The gap between "works in the examples" and "works in production" is the entire job. Candle is in the gap. It will probably close the gap eventually. But I needed to ship.
I was spending more time debugging the ML framework than building the pipeline. The orchestrator, the worker pool, the IPC protocol, the recovery system, the fidelity checker — all of that was working. The ML runtime was the bottleneck. Not because the math was wrong, but because the build would not produce a working binary on Windows with CUDA.
The Switch
I replaced Candle with tch — the Rust bindings to libtorch (PyTorch's C++ backend). This was not a decision I made happily. It meant accepting a C++ dependency. It meant users need libtorch installed. It meant the build is no longer pure Cargo.
It also meant the build works.
libtorch ships precompiled for Windows with known CRT settings. The tch crate handles the linkage correctly. CUDA integration is native — libtorch was built for it, tested for it, and the same CUDA kernels that power PyTorch power your Rust binary. When you call tensor.matmul() in tch, you are calling the exact same implementation that torch.matmul calls in Python.
The switch took a day. The tch API maps closely to PyTorch's API, so translating model code from Python reference implementations was straightforward. The tensor types, the module traits, the optimizer interface — all familiar if you have used PyTorch.
What I lost:
- Pure Rust build. Users need libtorch. This is a real cost. It complicates installation.
- Single toolchain. I now have Cargo plus libtorch plus CUDA Toolkit. Three things that must agree on versions.
- Small binary size. libtorch is large. The release binary went from a few megabytes to a few hundred.
What I gained:
- A build that works.
cargo build --releaseproduces a working binary. Every time. - Full operation coverage. Every PyTorch operation is available. No missing ops, no panics, no workarounds.
- CUDA stability. The CUDA integration is battle-tested through years of PyTorch usage.
- My weekends back.
The Pragmatic Lesson
The lesson is not that Candle is bad. It is not. Candle is an impressive project doing genuinely difficult work — reimplementing an ML runtime in pure Rust is a massive undertaking, and the team has made real progress. I still watch the project. When the CRT linkage story improves on Windows, I will try again.
The lesson is about timing and pragmatism. The right tool is the one that lets you ship. I wanted pure Rust for aesthetic and architectural reasons — one language, one build system, no FFI. Those are good reasons. They are not good enough reasons to spend three weekends fighting a linker error and still not have a working binary.
Choosing a technology because it is elegant is a luxury available to projects without deadlines. Production work has deadlines. The users do not care about your toolchain aesthetics.

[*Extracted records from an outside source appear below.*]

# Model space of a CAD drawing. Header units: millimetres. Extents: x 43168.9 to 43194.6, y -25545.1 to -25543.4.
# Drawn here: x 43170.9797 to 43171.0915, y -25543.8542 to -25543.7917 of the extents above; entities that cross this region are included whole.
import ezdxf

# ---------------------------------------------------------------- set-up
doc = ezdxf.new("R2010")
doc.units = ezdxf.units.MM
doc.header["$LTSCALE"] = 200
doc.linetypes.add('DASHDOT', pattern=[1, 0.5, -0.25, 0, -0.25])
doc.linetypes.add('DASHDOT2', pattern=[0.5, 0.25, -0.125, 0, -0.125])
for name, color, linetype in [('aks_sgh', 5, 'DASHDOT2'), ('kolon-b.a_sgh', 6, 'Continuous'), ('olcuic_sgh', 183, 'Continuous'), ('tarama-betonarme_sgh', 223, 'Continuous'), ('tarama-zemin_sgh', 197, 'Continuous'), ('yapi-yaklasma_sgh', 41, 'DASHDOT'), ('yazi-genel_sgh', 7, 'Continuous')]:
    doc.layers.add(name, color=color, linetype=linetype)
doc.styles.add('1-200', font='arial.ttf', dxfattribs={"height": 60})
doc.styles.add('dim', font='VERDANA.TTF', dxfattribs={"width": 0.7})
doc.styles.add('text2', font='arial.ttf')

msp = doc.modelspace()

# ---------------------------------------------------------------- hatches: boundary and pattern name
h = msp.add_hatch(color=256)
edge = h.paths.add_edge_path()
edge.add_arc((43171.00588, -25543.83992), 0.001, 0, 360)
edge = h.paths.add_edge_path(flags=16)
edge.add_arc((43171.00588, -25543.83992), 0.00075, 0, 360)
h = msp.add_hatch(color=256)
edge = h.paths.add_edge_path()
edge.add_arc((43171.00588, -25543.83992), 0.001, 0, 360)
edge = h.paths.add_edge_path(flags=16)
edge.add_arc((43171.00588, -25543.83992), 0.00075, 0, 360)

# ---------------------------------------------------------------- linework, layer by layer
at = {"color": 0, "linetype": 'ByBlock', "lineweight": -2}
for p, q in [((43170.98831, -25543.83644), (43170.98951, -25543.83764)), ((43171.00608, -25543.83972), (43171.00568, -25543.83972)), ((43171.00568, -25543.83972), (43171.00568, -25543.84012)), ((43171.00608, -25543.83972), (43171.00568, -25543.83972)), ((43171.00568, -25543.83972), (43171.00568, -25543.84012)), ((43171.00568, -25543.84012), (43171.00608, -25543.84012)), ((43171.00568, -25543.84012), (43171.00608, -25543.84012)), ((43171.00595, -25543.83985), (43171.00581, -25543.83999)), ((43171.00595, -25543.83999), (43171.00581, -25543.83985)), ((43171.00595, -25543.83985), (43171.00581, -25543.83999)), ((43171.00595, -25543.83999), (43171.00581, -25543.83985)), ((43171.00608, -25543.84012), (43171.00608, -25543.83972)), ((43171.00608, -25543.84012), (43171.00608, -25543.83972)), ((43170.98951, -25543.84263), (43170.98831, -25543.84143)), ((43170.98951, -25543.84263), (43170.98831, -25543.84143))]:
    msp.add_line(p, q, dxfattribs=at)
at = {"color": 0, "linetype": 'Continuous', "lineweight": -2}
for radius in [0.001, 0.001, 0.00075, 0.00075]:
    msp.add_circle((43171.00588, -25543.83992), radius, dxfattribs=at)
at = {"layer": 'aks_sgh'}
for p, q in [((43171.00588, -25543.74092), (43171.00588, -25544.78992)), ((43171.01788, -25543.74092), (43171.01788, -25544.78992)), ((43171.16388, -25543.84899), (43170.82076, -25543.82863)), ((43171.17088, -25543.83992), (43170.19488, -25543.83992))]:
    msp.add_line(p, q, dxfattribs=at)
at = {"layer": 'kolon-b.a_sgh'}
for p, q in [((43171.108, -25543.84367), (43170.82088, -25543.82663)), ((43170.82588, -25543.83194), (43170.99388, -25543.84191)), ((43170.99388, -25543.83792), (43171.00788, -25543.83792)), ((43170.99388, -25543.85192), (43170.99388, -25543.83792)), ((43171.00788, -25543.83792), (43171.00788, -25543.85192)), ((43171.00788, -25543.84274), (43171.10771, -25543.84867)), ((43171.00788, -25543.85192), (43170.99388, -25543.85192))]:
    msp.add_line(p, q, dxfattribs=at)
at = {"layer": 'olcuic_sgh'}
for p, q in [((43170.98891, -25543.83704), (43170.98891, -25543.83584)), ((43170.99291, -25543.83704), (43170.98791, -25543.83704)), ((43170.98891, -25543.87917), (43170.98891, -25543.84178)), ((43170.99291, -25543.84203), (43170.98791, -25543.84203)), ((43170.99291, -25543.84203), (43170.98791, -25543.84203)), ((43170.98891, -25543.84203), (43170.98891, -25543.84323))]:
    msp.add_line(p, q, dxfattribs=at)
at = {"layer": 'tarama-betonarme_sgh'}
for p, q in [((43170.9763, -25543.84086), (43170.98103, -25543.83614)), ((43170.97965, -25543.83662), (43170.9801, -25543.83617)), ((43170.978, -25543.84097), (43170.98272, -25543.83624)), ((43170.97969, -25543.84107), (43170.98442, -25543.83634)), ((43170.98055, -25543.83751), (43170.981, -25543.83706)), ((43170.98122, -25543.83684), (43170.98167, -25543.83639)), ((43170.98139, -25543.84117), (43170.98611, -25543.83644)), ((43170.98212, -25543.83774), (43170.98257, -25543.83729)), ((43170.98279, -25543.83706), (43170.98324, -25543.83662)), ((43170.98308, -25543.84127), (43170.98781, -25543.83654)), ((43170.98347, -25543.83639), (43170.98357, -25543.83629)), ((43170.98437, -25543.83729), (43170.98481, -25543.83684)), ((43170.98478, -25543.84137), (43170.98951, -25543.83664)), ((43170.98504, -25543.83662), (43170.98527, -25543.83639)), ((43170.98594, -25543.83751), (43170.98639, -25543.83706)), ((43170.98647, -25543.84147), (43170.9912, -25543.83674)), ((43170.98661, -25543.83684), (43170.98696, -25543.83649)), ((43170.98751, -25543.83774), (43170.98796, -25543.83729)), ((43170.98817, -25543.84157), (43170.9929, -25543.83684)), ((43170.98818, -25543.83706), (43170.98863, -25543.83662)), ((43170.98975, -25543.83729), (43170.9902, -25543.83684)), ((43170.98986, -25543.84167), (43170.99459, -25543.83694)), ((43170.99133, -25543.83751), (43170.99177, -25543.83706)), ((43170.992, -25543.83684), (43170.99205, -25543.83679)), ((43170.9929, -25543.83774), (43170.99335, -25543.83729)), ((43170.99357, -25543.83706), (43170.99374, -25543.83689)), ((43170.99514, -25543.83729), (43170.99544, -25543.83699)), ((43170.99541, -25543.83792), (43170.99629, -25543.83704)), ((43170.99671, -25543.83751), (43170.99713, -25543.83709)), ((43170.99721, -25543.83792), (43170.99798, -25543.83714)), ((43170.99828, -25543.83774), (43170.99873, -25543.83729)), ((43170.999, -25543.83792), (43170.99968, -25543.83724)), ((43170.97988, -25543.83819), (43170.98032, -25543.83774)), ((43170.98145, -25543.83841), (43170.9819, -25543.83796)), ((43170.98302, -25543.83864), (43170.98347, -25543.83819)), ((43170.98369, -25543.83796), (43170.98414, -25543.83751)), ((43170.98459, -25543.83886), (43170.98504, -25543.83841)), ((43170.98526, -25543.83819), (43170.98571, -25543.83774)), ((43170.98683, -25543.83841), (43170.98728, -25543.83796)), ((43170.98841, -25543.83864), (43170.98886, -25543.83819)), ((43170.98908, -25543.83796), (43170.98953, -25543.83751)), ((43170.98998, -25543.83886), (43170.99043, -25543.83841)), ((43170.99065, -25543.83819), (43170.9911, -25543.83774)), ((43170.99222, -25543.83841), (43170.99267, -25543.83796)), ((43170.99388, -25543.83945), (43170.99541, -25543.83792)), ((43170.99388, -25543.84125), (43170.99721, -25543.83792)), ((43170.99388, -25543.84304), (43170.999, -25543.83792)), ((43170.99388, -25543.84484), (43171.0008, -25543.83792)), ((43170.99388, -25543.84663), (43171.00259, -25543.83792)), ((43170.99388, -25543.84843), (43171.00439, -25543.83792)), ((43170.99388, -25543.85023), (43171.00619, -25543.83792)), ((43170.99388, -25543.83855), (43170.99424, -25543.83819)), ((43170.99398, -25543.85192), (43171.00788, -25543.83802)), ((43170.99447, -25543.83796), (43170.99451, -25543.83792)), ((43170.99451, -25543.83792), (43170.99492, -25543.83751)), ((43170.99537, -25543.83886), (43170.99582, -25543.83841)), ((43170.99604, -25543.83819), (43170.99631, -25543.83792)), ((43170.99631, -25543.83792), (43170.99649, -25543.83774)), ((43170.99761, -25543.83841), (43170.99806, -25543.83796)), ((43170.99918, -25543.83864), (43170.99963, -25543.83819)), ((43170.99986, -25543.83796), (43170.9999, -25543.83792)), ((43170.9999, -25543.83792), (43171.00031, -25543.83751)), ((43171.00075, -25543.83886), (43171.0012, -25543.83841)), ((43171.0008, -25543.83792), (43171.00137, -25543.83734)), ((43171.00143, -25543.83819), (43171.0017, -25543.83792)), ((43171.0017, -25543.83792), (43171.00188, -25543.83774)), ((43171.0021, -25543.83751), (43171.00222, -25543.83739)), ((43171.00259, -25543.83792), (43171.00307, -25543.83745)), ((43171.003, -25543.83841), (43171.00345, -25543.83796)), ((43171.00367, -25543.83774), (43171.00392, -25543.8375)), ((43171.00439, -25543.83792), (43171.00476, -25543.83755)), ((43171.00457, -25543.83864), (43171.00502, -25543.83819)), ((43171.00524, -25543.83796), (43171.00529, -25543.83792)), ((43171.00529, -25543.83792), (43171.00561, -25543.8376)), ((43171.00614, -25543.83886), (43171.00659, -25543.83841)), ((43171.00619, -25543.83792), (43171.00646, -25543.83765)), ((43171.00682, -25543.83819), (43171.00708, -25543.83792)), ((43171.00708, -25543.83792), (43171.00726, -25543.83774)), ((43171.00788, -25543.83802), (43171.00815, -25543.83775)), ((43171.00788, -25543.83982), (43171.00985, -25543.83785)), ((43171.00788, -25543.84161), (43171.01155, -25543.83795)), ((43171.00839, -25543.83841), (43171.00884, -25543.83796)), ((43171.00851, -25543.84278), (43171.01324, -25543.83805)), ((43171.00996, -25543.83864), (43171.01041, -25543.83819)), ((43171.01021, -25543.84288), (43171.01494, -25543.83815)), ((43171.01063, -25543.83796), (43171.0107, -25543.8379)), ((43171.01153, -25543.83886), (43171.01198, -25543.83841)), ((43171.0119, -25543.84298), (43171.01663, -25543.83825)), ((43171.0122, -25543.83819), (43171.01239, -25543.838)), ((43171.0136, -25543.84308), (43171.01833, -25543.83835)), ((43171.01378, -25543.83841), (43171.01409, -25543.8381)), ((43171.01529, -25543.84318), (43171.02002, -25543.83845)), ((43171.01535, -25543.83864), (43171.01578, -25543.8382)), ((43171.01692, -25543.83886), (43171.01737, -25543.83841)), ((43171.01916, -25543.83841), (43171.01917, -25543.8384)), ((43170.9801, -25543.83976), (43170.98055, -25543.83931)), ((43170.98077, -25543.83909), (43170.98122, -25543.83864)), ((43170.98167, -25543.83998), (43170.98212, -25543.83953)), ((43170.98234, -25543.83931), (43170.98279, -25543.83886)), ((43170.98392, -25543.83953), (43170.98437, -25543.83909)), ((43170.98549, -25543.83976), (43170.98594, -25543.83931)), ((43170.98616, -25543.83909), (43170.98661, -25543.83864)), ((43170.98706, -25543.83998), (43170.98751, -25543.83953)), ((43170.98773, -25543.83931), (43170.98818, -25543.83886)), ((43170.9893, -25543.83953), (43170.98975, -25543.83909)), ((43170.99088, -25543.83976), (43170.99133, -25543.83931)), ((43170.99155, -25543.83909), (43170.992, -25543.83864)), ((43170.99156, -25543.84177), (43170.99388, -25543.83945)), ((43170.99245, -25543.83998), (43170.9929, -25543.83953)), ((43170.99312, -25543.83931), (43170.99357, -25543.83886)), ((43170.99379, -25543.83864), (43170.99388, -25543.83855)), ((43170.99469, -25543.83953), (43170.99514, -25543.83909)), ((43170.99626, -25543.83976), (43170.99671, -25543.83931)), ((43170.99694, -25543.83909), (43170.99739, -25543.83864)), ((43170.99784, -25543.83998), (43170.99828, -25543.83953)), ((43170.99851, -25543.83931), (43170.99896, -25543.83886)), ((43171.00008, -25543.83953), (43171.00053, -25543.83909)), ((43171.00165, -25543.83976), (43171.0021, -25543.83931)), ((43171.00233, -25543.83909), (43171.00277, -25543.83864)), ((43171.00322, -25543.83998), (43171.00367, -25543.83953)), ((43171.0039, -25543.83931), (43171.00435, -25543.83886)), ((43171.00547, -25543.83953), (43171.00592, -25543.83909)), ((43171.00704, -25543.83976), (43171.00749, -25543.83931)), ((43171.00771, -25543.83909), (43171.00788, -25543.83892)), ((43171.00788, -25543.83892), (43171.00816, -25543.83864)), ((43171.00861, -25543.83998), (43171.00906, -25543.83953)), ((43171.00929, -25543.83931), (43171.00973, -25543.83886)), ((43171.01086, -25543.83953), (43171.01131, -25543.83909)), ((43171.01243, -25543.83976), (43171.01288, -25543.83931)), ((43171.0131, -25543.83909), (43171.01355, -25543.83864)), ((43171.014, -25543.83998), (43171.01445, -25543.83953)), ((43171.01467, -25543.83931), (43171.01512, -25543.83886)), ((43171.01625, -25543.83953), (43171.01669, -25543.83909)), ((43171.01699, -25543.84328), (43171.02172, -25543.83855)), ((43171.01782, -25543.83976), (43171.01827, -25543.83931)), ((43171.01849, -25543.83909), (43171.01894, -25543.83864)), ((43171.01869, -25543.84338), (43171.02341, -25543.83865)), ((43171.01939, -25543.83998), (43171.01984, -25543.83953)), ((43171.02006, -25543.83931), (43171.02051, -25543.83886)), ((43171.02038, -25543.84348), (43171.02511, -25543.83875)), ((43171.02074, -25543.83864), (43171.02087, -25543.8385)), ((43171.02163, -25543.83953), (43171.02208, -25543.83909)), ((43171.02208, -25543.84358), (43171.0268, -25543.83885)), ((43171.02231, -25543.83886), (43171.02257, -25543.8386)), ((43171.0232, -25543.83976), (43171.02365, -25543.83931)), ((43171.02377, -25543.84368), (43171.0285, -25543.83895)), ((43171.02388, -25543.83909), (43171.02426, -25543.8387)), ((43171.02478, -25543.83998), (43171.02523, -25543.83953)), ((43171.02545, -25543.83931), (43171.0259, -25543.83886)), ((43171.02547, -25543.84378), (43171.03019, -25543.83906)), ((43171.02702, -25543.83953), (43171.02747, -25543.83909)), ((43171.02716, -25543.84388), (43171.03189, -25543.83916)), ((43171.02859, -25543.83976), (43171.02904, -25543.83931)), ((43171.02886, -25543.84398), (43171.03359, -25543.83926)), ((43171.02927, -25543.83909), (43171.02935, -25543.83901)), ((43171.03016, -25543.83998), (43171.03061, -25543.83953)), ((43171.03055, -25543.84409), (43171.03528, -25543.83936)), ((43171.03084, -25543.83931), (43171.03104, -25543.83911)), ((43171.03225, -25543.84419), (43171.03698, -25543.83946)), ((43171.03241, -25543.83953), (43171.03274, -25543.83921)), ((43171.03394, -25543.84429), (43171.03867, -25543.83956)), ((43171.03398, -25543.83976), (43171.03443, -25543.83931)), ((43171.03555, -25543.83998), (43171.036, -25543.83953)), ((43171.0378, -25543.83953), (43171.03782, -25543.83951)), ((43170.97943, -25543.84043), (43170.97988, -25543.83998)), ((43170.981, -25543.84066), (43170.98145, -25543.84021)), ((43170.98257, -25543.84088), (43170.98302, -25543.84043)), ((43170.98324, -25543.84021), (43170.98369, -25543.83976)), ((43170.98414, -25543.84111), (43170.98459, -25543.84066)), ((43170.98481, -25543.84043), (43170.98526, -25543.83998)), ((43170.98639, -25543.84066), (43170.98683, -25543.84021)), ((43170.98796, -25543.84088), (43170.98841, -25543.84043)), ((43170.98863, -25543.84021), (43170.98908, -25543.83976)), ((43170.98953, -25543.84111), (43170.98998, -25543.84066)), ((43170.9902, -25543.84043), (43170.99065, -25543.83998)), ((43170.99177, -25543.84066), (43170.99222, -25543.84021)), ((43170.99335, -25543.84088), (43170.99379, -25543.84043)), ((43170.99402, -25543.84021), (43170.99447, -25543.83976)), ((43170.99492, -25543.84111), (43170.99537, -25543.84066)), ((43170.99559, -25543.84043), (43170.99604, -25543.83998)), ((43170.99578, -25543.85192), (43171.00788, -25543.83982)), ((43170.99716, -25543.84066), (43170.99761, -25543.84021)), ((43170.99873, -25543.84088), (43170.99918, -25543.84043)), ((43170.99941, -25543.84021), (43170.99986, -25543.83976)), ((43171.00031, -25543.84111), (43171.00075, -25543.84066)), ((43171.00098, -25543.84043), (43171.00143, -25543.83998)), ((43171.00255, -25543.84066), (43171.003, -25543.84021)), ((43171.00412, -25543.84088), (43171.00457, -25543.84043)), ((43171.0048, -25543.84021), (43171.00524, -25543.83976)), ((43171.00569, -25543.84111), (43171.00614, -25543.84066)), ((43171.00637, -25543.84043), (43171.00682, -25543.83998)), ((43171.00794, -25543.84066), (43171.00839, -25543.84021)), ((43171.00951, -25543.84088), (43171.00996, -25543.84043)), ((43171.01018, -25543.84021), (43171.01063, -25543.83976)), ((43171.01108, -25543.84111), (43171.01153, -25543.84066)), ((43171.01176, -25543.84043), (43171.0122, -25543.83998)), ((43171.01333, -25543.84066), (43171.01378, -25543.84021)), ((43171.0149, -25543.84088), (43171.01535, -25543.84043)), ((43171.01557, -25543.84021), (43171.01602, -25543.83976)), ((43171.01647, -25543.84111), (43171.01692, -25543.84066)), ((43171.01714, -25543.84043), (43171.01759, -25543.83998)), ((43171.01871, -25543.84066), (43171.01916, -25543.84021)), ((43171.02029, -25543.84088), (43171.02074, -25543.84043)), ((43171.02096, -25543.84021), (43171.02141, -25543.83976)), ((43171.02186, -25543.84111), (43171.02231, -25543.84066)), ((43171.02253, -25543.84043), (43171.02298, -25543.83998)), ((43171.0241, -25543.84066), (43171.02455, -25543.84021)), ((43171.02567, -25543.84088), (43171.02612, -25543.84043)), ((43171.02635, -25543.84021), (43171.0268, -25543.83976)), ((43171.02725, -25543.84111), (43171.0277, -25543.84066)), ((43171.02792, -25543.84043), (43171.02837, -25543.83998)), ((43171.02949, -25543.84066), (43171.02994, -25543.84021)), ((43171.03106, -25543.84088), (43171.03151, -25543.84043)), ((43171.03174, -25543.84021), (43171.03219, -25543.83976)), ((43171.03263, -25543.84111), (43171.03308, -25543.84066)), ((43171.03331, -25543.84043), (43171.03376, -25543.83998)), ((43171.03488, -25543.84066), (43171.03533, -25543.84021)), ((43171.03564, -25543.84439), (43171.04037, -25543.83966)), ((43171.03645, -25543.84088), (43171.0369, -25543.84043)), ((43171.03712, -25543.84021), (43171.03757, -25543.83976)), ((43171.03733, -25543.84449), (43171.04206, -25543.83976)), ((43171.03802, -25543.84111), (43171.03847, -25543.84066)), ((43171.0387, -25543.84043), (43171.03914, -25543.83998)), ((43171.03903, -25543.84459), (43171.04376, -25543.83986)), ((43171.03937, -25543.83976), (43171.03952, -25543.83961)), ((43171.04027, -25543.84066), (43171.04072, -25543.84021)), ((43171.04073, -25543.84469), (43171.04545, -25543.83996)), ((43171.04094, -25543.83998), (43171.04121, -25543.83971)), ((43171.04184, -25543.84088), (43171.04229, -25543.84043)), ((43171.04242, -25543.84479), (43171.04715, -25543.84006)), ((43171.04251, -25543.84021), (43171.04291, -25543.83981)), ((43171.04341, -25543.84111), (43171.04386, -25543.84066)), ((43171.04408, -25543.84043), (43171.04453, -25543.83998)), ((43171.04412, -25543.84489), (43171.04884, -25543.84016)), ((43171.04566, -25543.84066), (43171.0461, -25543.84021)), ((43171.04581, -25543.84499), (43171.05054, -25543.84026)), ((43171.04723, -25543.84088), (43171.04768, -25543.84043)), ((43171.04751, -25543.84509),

They care whether the audiobook gets generated.
The tch bindings are not elegant. They are a foreign function interface to a C++ library. The types do not feel native. The error messages sometimes come from libtorch's internals and are not helpful. But the code runs, the build is reproducible, and the output is correct. In production, those three properties beat elegance every time.
If you are starting a Rust ML project today, evaluate both. Try Candle first — it may work for your use case, especially on Linux, especially if your model uses standard operations. But have tch as a fallback plan. Know the signs: linker errors you cannot resolve, operations that are not implemented, CUDA paths that work in examples but fail under load. Those are signals that the ecosystem is not ready for what you need.
Switch early. Do not romanticize the struggle. The pipeline is what matters, not the framework it runs on.